Sparse matrix partitioning for parallel eigenanalysis of large static and dynamic graphs

September 9, 2014

Conference Paper

Author:

Michael M. Wolf

…

Benjamin A. Miller

Published in:

HPEC 2014: IEEE Conf. on High Performance Extreme Computing, 9-11 September 2014.

R&D Area:

Cyber Security and Information Sciences

R&D Group:

Artificial Intelligence Technology and Systems

Sparse matrix partitioning for parallel eigenanalysis of large static and dynamic graphs

Summary

Numerous applications focus on the analysis of entities and the connections between them, and such data are naturally represented as graphs. In particular, the detection of a small subset of vertices with anomalous coordinated connectivity is of broad interest, for problems such as detecting strange traffic in a computer network or unknown communities in a social network. These problems become more difficult as the background graph grows larger and noisier and the coordination patterns become more subtle. In this paper, we discuss the computational challenges of a statistical framework designed to address this cross-mission challenge.
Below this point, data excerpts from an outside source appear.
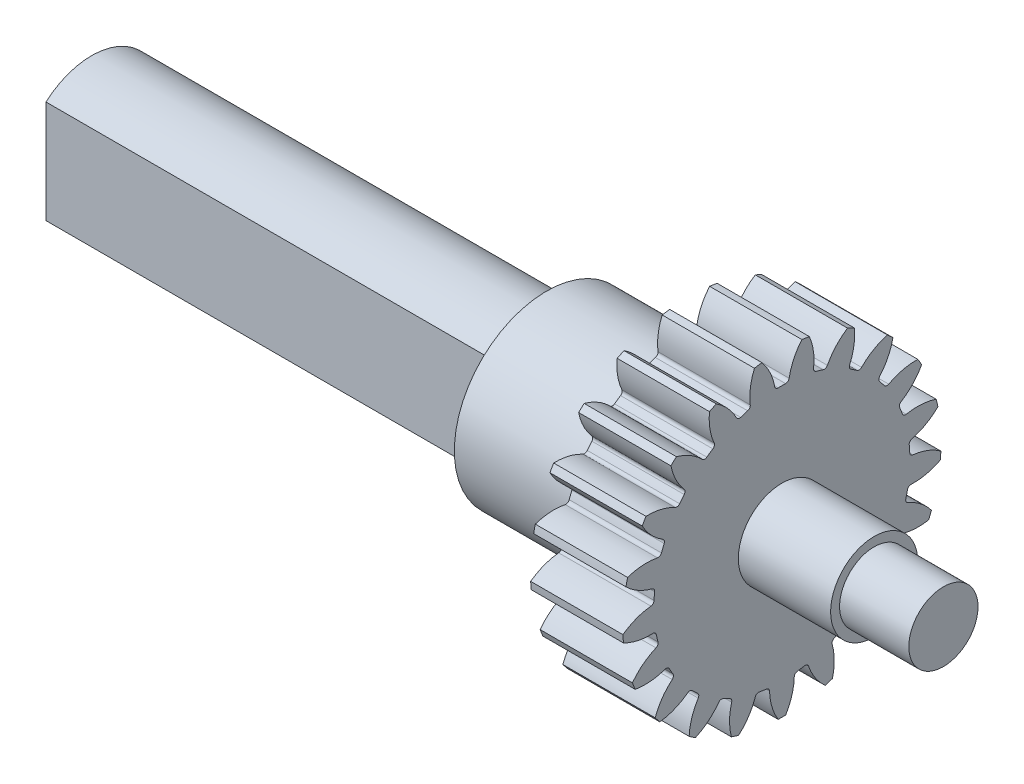
from build123d import *

# Parameters (mm, degrees)
BASPROSKE_W                = 2
BASPROSKE_H                = 3.45
TOOTHCUT_DEPTH             = 6.273044661
ROOTFILLETS_R              = 0.076
TEETHCUTS_COUNT            = 21
ROOTFILLETS_OF_TEETHCUTS_R = 0.076
AXIS_DEPTH                 = 12.96
AXIS2SKE_R                 = 0.9445
AXIS2_DEPTH                = 2
AXIS3SKE_R                 = 0.75
AXIS3_DEPTH                = 1.5
PADSKE_R                   = 2
PAD_DEPTH                  = 3.1


with BuildPart() as part:
    # BasProSke → Base-Revolve (revolve)
    with BuildSketch(Plane(origin=(0, 0, 0), x_dir=(1, 0, 0), z_dir=(0, 1, 0)), mode=Mode.PRIVATE) as base_revolve_sk:
        with Locations((1, 1.725)):
            Rectangle(BASPROSKE_W, BASPROSKE_H)
    revolve(base_revolve_sk.sketch.rotate(Axis((-10, 0, 0), (1, 0, 0)), 180), axis=Axis((-10, 0, 0), (1, 0, 0)))

    # TooCutSke → ToothCut (cut, through all)
    with BuildSketch(Plane(origin=(0, 0, 0), x_dir=(0, 0, -1), z_dir=(1, 0, 0))):
        with BuildLine():
            ThreePointArc((0.146331163, 2.770137757), (0, 2.774), (-0.146331163, 2.770137757))
            ThreePointArc((-0.146331163, 2.770137757), (-0.248855145, 3.131030422), (-0.453094785, 3.445737987))
            ThreePointArc((-0.453094785, 3.445737987), (0, 3.4754), (0.453094785, 3.445737987))
            ThreePointArc((0.453094785, 3.445737987), (0.248855145, 3.131030422), (0.146331163, 2.770137757))
        make_face()
    toothcut = extrude(amount=TOOTHCUT_DEPTH, mode=Mode.SUBTRACT)

    # RootFillets
    rootfillets_edges = [part.edges().sort_by_distance(p)[0] for p in [
        (1, 2.770137757, -0.146331163),
        (1, 2.770137757, 0.146331163),
    ]]
    fillet(rootfillets_edges, radius=ROOTFILLETS_R)

    # TeethCuts: ToothCut ×21 about axis
    teethcuts_axis = Axis((0, 0, 0), (1, 0, 0))
    for i in range(1, TEETHCUTS_COUNT):
        add(toothcut.rotate(teethcuts_axis, i * 360 / TEETHCUTS_COUNT), mode=Mode.SUBTRACT)

    # RootFillets of TeethCuts
    rootfillets_of_teethcuts_edges = [part.edges().sort_by_distance(p)[0] for p in [
        (1, 2.690200176, 0.676682357),
        (1, 2.603936441, 0.956342518),
        (1, 2.371226504, 1.439569681),
        (1, 2.206363945, 1.681378643),
        (1, 1.841558951, 2.074544921),
        (1, 1.612746331, 2.257016897),
        (1, 1.148260804, 2.525187741),
        (1, 0.875829127, 2.632109295),
        (1, 0.352934646, 2.751456548),
        (1, 0.061090662, 2.773327231),
        (1, -0.473751305, 2.733246367),
        (1, -0.759075976, 2.668122872),
        (1, -1.258342373, 2.472175251),
        (1, -1.511795383, 2.325844088),
        (1, -1.9311242, 1.991440515),
        (1, -2.130185136, 1.776903849),
        (1, -2.432317166, 1.33375755),
        (1, -2.559298591, 1.070077905),
        (1, -2.717388078, 0.557564374),
        (1, -2.761007135, 0.268170844),
        (1, -2.761007135, -0.268170844),
        (1, -2.717388078, -0.557564374),
        (1, -2.559298591, -1.070077905),
        (1, -2.432317166, -1.33375755),
        (1, -2.130185136, -1.776903849),
        (1, -1.9311242, -1.991440515),
        (1, -1.511795383, -2.325844088),
        (1, -1.258342373, -2.472175251),
        (1, -0.759075976, -2.668122872),
        (1, -0.473751305, -2.733246367),
        (1, 0.061090662, -2.773327231),
        (1, 0.352934646, -2.751456548),
        (1, 0.875829127, -2.632109295),
        (1, 1.148260804, -2.525187741),
        (1, 1.612746331, -2.257016897),
        (1, 1.841558951, -2.074544921),
        (1, 2.206363945, -1.681378643),
        (1, 2.371226504, -1.439569681),
        (1, 2.603936441, -0.956342518),
        (1, 2.690200176, -0.676682357),
    ]]
    fillet(rootfillets_of_teethcuts_edges, radius=ROOTFILLETS_OF_TEETHCUTS_R)

    # AxisSke → Axis (add)
    with BuildSketch(Plane.ZY):
        with BuildLine():
            Line((0.99, 1.113552873), (0.99, -1.113552873))
            ThreePointArc((0.99, -1.113552873), (-1.49, 0), (0.99, 1.113552873))
        make_face()
    extrude(amount=AXIS_DEPTH)

    # Axis2Ske → Axis2 (add)
    with BuildSketch(Plane(origin=(2, 0, 0), x_dir=(0, 0, -1), z_dir=(1, 0, 0))):
        with Locations(Location((0, 0, 0), (0, 0, 180))):
            Circle(AXIS2SKE_R)
    extrude(amount=AXIS2_DEPTH)

    # Axis3Ske → Axis3 (add)
    with BuildSketch(Plane(origin=(4, 0, 0), x_dir=(0, 0, -1), z_dir=(1, 0, 0))):
        Circle(AXIS3SKE_R)
    extrude(amount=AXIS3_DEPTH)

    # PadSke → Pad (add)
    with BuildSketch(Plane.ZY):
        with Locations(Location((0, 0, 0), (0, 0, 180))):
            Circle(PADSKE_R)
    extrude(amount=PAD_DEPTH)


solid = part.part

The statistical framework is based on spectral analysis of the graph data, and three partitioning methods are evaluated for computing the principal eigenvector of the graph's residuals matrix. While a standard one-dimensional partitioning technique enables this computation for up to four billion vertices, the communication overhead prevents this method from being used for even larger graphs. Recent two-dimensional partitioning methods are shown to have much more favorable scaling properties. A data-dependent partitioning method, which has the best scaling performance, is also shown to improve computation time even as a graph changes over time, allowing amortization of the upfront cost.